- _ACTION ITEM_
Whenever a line in the data below includes the string "MINIMELF", copy it out.

BEGIN

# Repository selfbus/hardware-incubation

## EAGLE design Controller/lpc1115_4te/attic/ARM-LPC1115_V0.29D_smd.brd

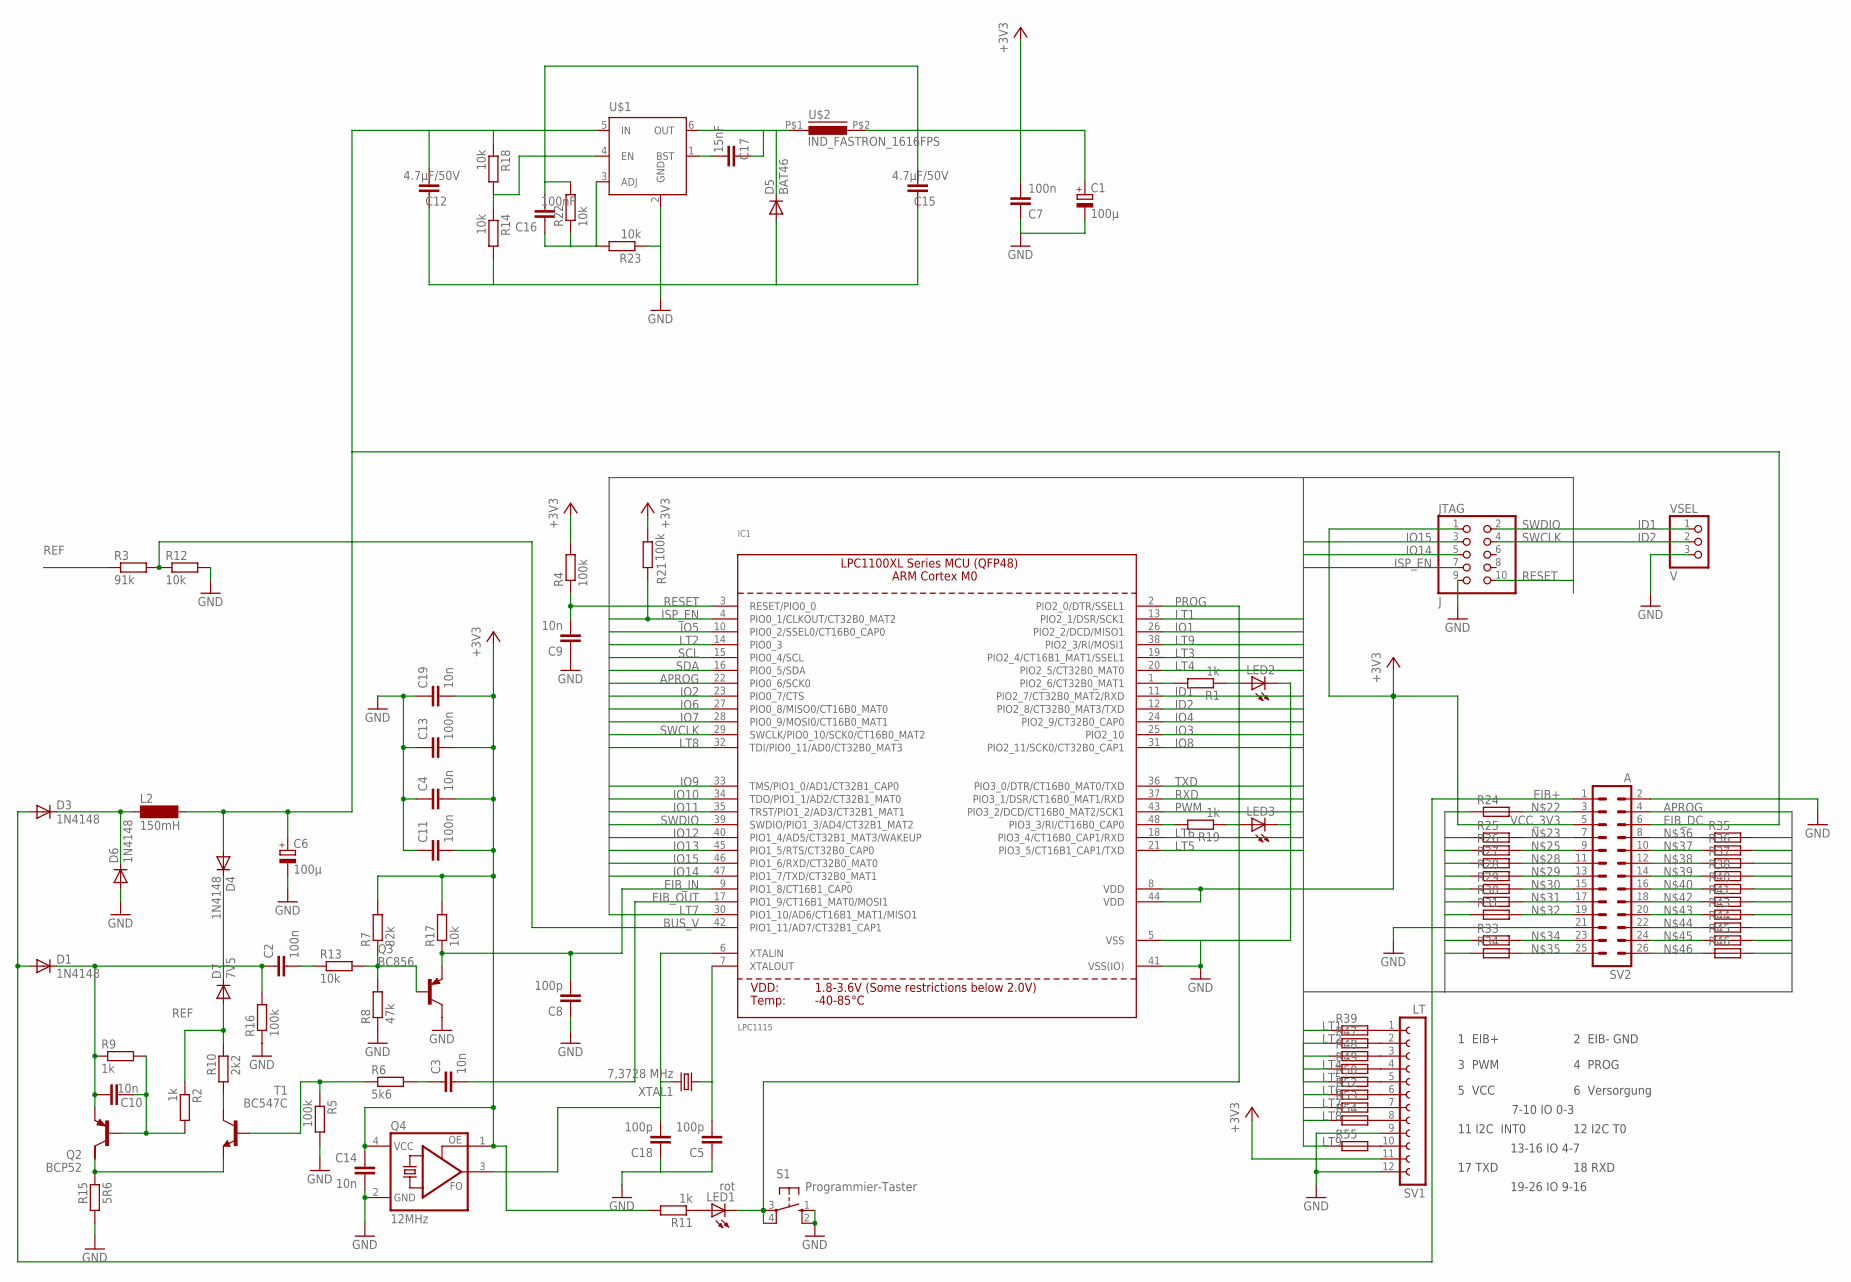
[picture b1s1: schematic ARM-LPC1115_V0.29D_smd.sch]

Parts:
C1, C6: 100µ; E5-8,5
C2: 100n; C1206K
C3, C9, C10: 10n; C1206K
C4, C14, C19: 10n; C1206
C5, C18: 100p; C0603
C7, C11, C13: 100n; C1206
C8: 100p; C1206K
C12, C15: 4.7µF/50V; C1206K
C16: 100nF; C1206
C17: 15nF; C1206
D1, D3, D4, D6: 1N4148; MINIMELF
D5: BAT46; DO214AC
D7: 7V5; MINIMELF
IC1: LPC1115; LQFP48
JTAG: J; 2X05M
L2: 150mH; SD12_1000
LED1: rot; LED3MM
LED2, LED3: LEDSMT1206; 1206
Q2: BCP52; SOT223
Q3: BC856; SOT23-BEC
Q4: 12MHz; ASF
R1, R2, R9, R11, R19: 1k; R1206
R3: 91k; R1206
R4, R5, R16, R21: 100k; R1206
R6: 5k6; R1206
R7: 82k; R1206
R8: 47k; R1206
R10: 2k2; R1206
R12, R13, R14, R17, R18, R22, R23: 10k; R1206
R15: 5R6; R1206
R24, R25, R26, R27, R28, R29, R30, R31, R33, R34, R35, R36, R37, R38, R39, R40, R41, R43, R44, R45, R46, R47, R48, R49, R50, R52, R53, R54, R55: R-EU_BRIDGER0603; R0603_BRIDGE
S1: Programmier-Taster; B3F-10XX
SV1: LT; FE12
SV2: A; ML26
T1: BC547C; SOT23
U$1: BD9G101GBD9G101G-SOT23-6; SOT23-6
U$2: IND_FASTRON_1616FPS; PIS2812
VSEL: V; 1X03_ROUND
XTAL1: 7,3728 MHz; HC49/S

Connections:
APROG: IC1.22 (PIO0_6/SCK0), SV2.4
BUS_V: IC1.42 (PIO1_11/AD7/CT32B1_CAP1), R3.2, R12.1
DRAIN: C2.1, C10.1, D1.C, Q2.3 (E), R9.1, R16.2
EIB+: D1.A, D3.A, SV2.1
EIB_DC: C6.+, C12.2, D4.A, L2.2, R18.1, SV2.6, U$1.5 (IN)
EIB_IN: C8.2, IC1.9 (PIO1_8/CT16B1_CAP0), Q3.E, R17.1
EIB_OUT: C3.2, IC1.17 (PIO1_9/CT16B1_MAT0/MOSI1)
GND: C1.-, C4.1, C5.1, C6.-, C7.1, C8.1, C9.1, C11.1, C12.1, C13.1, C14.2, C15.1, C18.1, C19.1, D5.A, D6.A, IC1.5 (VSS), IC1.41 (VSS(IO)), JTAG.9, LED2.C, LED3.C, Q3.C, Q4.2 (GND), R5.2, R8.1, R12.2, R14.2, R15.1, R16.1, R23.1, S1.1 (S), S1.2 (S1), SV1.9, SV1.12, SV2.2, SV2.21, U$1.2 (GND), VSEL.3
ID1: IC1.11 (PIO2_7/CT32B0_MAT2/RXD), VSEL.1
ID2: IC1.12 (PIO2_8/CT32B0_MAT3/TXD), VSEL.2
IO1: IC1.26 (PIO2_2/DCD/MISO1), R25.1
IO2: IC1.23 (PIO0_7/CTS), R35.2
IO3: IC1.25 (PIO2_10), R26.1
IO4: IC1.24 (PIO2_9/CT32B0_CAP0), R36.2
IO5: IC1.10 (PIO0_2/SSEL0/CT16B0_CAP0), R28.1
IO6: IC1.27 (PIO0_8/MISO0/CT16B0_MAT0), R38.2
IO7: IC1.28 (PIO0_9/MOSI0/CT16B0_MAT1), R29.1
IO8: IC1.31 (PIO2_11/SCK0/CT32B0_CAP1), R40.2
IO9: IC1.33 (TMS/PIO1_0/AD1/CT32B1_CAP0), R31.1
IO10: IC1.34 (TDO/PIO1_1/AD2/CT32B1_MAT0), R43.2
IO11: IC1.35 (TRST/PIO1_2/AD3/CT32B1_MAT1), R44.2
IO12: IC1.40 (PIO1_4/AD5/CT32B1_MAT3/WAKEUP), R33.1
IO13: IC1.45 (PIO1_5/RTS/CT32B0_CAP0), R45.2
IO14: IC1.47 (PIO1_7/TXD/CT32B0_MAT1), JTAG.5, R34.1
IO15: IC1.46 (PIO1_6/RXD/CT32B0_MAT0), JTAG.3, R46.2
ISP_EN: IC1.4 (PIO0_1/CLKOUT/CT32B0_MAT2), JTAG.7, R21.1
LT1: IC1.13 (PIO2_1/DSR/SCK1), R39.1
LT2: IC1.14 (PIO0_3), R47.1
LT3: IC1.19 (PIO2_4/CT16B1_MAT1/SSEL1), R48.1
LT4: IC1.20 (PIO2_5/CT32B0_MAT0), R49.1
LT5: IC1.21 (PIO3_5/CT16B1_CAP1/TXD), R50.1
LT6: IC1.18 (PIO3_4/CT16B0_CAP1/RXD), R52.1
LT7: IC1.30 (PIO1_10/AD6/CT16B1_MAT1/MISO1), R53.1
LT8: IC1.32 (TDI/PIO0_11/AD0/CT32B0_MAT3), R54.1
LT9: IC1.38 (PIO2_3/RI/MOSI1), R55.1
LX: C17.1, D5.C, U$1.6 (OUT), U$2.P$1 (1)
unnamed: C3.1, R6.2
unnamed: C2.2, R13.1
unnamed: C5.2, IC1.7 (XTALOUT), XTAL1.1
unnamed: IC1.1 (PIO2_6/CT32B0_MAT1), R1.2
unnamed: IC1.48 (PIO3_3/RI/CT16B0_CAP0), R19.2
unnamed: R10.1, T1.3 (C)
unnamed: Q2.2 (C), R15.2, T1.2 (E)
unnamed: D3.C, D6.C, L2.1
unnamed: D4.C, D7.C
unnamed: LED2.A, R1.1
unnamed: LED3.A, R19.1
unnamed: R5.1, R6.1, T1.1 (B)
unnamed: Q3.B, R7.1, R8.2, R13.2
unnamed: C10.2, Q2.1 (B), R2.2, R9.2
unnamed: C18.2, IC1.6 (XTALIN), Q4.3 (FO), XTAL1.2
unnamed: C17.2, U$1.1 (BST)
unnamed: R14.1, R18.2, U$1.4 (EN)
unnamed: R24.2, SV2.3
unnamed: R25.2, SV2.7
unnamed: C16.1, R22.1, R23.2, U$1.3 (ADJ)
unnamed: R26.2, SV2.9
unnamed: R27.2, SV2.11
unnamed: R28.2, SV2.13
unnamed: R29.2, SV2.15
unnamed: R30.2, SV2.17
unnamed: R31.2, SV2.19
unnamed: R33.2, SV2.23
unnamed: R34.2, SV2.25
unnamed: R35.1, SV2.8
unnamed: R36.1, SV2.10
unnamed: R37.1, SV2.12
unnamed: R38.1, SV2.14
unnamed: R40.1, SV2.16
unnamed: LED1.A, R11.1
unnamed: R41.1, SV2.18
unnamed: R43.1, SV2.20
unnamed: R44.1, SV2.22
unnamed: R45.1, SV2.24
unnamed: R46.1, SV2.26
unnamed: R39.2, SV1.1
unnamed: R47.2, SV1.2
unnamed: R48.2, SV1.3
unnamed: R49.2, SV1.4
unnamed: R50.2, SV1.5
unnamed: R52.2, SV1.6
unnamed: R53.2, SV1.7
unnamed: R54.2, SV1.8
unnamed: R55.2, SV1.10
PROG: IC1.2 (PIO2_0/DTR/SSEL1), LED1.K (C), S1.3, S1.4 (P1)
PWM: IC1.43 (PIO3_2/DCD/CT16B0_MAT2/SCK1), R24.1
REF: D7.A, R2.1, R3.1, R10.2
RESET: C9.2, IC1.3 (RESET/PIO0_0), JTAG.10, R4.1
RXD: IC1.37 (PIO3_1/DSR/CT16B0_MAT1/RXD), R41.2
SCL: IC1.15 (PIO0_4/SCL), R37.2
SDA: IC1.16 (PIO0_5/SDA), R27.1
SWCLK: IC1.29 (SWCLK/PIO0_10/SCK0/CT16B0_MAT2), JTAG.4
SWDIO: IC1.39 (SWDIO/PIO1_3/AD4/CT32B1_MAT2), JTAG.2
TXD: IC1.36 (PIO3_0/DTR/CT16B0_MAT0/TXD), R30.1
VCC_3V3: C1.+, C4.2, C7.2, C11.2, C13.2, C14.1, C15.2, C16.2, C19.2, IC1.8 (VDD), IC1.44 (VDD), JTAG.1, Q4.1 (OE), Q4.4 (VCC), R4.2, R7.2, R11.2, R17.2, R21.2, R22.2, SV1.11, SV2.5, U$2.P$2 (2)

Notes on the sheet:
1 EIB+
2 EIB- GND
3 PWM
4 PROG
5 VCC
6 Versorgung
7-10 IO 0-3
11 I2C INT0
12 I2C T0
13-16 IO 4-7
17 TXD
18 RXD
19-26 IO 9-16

END

- _SOLVED EXERCISE_
D1, D3, D4, D6: 1N4148; MINIMELF
D7: 7V5; MINIMELF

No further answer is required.